State the number of lines in the listing that contain "DIRECTION". No further words are expected.

##############################

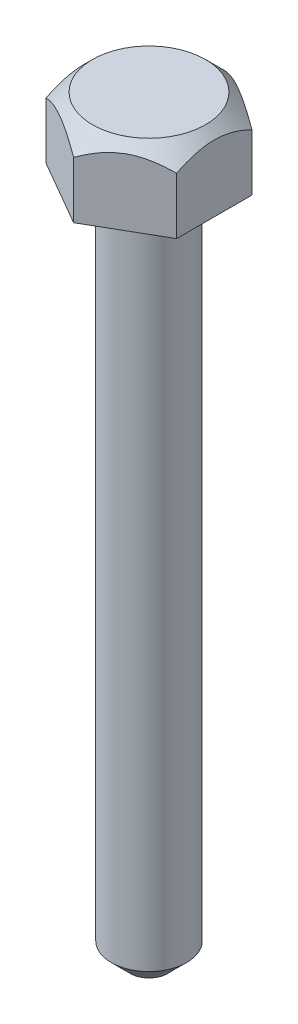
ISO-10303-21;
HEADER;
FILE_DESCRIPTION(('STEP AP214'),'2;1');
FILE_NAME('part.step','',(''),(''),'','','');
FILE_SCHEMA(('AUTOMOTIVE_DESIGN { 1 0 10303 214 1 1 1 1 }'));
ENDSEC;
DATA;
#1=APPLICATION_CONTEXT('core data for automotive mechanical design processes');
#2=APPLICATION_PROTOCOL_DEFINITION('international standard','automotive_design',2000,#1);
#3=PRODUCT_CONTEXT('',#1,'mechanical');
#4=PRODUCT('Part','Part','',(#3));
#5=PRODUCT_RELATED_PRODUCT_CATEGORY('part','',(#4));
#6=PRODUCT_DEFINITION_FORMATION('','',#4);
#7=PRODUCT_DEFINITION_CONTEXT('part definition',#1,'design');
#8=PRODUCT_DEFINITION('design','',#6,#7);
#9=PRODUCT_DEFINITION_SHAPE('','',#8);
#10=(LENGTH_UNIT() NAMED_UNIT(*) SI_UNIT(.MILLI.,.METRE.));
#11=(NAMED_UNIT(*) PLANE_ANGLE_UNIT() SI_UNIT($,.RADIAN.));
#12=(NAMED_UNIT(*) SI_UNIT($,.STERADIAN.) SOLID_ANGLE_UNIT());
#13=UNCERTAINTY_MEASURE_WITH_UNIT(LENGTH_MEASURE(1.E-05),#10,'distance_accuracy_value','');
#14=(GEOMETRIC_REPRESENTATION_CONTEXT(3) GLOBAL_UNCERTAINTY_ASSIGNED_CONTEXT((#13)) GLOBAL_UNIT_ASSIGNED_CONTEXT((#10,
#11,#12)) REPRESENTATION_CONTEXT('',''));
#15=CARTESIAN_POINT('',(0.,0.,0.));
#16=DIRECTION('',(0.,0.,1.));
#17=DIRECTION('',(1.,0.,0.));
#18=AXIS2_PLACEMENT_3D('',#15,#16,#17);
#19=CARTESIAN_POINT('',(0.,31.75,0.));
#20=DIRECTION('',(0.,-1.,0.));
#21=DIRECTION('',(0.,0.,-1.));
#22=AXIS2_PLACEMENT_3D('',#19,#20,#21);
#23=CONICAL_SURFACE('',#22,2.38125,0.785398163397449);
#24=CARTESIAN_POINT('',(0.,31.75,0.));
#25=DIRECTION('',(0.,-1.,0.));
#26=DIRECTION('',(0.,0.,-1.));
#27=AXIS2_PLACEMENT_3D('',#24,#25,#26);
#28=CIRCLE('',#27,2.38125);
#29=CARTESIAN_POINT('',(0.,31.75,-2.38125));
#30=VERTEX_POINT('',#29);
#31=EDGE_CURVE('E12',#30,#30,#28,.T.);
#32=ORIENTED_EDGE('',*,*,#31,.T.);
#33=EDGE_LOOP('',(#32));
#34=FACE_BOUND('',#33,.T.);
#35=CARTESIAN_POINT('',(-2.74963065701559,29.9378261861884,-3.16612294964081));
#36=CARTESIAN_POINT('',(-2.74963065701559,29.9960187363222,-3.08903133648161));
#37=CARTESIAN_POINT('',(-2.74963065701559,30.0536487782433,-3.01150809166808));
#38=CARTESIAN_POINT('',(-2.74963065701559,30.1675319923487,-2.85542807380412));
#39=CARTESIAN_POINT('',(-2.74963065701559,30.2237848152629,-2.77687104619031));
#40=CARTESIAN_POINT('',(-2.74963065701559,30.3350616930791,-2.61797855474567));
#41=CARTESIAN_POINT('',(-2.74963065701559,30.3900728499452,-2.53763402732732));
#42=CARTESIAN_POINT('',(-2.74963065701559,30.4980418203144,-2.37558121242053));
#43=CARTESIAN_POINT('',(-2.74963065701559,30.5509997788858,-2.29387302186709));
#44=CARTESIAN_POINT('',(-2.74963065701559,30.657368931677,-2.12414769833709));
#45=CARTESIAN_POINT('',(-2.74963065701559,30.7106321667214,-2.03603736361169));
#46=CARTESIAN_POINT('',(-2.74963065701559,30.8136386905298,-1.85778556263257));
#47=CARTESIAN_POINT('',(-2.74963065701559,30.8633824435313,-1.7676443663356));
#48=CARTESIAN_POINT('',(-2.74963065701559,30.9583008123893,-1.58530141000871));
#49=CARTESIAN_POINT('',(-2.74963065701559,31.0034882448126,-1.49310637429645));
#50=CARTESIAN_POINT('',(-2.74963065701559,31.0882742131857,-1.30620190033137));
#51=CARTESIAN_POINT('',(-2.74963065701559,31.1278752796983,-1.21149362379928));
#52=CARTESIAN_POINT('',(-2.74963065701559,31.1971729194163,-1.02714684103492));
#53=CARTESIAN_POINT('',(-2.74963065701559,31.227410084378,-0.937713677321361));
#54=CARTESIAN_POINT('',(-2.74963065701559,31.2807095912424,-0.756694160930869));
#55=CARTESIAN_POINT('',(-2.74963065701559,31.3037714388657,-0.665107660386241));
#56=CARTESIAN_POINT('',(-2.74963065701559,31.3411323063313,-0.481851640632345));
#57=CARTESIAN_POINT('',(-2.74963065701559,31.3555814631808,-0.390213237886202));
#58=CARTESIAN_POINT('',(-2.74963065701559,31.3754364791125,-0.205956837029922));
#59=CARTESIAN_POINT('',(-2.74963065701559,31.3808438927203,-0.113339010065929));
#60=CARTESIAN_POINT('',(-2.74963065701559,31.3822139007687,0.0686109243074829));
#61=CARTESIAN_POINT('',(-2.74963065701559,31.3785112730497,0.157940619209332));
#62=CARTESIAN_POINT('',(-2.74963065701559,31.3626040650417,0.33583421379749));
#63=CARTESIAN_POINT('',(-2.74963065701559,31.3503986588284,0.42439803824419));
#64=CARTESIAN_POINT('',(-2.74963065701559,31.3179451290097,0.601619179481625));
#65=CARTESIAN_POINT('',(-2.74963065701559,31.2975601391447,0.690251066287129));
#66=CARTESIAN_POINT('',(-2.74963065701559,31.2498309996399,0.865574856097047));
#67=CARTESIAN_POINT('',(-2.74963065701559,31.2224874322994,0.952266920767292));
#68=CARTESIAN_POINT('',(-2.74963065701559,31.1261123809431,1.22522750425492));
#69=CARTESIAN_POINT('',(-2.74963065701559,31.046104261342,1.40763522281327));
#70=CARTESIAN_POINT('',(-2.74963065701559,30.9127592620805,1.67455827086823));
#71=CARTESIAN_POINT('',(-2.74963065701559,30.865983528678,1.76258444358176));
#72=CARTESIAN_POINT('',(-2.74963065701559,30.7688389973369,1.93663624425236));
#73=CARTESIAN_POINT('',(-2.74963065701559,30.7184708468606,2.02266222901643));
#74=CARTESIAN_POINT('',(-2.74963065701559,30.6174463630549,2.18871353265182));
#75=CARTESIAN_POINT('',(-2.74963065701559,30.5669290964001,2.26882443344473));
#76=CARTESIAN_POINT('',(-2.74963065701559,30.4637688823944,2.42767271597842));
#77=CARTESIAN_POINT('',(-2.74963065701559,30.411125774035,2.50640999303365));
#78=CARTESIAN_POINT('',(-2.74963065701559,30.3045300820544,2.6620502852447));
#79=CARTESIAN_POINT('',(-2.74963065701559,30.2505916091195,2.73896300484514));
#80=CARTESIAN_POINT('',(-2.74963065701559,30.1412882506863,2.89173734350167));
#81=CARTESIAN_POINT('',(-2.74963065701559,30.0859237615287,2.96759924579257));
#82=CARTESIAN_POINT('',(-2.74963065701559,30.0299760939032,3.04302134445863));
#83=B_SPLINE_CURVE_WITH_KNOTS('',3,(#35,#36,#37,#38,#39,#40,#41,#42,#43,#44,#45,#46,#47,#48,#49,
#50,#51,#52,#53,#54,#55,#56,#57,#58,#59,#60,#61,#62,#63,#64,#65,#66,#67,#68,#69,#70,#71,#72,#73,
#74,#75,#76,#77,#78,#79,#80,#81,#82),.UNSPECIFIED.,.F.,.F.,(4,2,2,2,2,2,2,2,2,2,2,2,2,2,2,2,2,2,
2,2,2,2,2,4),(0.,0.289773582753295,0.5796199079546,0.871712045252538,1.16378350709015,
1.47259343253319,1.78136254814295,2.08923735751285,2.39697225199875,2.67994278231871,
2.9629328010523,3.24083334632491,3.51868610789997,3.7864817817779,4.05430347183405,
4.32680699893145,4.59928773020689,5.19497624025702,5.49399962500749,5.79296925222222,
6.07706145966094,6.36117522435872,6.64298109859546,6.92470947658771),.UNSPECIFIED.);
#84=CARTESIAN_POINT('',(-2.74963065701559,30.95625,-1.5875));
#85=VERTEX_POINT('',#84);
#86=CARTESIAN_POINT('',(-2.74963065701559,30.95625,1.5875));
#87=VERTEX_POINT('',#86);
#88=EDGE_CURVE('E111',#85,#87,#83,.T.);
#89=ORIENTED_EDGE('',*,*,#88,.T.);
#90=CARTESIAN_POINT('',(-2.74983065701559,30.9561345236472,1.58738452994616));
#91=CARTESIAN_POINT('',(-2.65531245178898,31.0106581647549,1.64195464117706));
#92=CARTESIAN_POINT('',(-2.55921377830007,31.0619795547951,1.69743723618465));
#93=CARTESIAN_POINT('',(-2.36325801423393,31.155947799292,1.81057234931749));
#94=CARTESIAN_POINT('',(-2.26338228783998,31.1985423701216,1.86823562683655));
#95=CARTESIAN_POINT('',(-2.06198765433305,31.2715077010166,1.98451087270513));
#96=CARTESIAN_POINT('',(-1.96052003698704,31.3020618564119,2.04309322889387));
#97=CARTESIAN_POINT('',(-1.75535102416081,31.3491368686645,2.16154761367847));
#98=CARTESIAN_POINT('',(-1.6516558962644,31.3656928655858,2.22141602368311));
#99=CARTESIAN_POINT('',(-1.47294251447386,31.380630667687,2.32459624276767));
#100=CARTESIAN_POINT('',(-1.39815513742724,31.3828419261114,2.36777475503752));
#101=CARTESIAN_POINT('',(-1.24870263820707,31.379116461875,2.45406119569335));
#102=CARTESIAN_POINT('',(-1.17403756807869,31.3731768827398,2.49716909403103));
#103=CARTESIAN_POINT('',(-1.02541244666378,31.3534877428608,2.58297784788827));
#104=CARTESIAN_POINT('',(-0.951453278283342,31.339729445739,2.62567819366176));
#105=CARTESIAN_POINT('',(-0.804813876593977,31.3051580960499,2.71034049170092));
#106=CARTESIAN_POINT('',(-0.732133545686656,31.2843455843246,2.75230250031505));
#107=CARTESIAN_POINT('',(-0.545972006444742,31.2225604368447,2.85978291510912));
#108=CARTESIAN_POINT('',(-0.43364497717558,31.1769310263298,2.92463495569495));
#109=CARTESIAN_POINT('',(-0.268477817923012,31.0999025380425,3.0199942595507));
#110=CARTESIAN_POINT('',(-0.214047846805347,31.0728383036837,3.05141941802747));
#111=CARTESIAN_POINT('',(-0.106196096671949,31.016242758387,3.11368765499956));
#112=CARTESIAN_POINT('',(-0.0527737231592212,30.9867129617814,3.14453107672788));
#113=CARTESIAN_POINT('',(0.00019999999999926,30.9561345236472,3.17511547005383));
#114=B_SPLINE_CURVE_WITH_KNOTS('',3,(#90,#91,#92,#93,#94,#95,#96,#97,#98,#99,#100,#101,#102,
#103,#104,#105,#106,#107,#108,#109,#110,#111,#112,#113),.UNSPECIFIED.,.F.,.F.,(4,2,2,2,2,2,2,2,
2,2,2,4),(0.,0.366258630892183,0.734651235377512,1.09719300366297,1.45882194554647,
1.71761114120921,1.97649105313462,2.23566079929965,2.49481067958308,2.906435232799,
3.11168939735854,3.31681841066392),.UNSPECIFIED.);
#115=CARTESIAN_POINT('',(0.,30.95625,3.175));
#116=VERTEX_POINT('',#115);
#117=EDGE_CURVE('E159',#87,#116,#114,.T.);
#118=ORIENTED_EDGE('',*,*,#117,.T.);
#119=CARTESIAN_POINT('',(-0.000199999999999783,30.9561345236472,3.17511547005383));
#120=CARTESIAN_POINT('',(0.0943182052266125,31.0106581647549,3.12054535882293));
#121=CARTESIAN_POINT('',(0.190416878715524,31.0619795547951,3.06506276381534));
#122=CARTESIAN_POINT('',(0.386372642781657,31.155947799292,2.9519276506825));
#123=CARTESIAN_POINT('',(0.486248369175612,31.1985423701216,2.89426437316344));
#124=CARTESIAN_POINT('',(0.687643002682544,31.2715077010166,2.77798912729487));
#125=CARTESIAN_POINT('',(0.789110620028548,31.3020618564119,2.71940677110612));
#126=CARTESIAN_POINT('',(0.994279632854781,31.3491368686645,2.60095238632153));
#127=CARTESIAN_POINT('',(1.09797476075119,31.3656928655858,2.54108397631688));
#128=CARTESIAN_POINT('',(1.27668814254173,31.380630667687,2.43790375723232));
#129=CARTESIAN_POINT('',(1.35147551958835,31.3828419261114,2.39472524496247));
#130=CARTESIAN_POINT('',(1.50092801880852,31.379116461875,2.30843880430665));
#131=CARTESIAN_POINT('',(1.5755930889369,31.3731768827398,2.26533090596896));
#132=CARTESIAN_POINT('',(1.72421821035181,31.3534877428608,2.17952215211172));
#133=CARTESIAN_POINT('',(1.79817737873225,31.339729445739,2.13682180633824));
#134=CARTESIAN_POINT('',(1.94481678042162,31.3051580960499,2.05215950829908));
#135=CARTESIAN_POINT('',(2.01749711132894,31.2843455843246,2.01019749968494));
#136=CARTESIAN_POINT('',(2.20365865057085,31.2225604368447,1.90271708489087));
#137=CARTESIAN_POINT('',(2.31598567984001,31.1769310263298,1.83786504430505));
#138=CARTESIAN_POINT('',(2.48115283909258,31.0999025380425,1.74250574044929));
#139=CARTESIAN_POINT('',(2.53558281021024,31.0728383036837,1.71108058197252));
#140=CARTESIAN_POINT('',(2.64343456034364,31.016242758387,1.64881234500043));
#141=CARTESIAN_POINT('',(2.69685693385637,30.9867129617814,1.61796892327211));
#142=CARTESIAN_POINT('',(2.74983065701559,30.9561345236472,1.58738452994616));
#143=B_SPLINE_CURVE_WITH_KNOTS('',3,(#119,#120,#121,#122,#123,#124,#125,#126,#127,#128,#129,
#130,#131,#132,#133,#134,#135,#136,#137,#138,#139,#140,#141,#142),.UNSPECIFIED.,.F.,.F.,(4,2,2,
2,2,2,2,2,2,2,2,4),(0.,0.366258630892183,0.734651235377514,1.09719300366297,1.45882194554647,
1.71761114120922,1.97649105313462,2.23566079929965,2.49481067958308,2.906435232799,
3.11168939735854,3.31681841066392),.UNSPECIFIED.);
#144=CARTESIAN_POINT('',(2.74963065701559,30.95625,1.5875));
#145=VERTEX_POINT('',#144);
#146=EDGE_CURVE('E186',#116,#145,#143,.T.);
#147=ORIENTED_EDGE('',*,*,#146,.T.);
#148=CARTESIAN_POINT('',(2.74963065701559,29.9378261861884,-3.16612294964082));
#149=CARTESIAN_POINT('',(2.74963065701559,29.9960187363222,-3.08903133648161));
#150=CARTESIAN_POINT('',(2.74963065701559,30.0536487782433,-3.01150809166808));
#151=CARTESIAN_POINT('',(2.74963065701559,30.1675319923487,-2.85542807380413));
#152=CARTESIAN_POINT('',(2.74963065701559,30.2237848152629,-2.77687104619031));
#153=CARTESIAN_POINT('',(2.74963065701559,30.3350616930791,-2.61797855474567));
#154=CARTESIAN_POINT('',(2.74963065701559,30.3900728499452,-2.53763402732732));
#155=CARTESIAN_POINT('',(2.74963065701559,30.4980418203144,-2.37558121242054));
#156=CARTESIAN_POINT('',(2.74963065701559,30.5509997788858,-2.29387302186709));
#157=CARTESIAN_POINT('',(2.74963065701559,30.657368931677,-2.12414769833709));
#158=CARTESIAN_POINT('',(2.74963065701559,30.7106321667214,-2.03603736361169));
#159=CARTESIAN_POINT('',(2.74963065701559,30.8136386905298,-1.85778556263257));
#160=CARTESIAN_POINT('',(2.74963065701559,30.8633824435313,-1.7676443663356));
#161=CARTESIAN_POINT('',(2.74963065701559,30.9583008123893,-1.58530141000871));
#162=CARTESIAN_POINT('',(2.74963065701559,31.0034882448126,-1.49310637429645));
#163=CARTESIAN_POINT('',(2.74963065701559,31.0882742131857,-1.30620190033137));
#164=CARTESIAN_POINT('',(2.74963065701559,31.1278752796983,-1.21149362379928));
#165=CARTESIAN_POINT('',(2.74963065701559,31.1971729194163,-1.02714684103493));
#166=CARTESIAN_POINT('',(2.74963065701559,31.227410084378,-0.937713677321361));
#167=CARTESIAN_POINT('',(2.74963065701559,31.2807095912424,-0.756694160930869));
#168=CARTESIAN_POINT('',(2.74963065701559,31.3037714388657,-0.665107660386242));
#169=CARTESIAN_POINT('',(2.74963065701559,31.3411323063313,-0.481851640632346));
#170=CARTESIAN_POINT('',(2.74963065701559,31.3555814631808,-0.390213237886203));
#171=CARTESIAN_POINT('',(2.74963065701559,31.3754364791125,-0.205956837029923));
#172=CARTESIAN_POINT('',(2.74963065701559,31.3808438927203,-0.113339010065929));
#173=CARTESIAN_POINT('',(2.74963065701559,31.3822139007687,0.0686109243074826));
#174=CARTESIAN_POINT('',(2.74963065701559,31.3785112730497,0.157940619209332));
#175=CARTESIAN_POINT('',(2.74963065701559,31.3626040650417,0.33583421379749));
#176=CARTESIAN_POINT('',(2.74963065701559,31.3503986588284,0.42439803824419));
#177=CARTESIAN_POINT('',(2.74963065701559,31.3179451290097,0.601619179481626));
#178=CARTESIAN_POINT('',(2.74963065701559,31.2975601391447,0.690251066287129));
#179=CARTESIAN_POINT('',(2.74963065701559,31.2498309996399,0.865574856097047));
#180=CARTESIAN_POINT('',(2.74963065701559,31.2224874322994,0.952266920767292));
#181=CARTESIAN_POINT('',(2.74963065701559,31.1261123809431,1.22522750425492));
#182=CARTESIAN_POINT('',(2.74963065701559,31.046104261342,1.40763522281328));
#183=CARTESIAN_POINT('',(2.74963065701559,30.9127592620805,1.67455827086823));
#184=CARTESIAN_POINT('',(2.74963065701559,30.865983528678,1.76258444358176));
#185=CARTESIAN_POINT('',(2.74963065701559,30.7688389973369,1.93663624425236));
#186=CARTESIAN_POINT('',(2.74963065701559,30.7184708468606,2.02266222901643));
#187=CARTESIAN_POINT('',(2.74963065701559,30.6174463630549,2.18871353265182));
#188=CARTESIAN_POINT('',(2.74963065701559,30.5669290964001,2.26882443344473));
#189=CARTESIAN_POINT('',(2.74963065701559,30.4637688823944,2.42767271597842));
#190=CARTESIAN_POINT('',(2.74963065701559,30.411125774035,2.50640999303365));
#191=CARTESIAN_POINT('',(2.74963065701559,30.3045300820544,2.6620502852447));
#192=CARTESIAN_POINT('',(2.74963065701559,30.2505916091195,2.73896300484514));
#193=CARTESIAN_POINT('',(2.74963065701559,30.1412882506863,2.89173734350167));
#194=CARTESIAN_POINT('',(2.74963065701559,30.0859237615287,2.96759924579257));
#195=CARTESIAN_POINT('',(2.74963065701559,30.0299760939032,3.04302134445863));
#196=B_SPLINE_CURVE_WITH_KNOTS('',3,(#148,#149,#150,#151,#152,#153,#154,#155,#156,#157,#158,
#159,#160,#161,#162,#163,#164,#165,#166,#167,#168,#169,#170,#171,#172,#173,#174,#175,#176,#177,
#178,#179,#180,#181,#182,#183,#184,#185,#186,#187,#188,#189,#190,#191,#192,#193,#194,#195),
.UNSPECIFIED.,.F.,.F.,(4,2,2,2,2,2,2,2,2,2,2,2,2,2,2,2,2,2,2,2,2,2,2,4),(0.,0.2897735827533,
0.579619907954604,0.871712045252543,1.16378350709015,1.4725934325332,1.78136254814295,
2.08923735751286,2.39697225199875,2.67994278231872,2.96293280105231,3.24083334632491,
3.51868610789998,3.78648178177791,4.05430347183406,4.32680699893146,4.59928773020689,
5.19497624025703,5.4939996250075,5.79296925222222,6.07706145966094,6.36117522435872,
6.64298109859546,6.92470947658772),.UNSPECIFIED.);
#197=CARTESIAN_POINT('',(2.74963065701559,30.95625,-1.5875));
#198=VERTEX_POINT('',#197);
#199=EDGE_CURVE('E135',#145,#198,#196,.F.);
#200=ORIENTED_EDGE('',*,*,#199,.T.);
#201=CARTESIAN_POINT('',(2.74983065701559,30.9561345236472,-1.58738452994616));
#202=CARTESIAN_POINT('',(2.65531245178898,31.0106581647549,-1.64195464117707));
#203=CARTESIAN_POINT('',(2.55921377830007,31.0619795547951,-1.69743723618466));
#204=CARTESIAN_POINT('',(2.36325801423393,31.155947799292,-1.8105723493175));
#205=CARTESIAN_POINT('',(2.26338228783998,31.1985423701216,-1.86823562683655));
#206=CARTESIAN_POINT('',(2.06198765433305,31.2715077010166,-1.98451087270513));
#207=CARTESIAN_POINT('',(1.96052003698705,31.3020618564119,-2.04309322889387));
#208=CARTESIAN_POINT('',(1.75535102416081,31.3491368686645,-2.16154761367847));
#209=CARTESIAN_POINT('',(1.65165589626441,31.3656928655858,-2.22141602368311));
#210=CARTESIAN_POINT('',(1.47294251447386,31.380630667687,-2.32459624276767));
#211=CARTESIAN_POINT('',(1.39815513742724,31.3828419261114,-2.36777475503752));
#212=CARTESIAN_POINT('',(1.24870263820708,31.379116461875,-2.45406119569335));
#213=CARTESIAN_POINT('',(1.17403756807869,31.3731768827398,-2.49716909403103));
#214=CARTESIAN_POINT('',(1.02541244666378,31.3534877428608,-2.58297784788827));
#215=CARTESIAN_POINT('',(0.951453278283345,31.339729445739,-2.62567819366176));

##############################

● Your solution: 6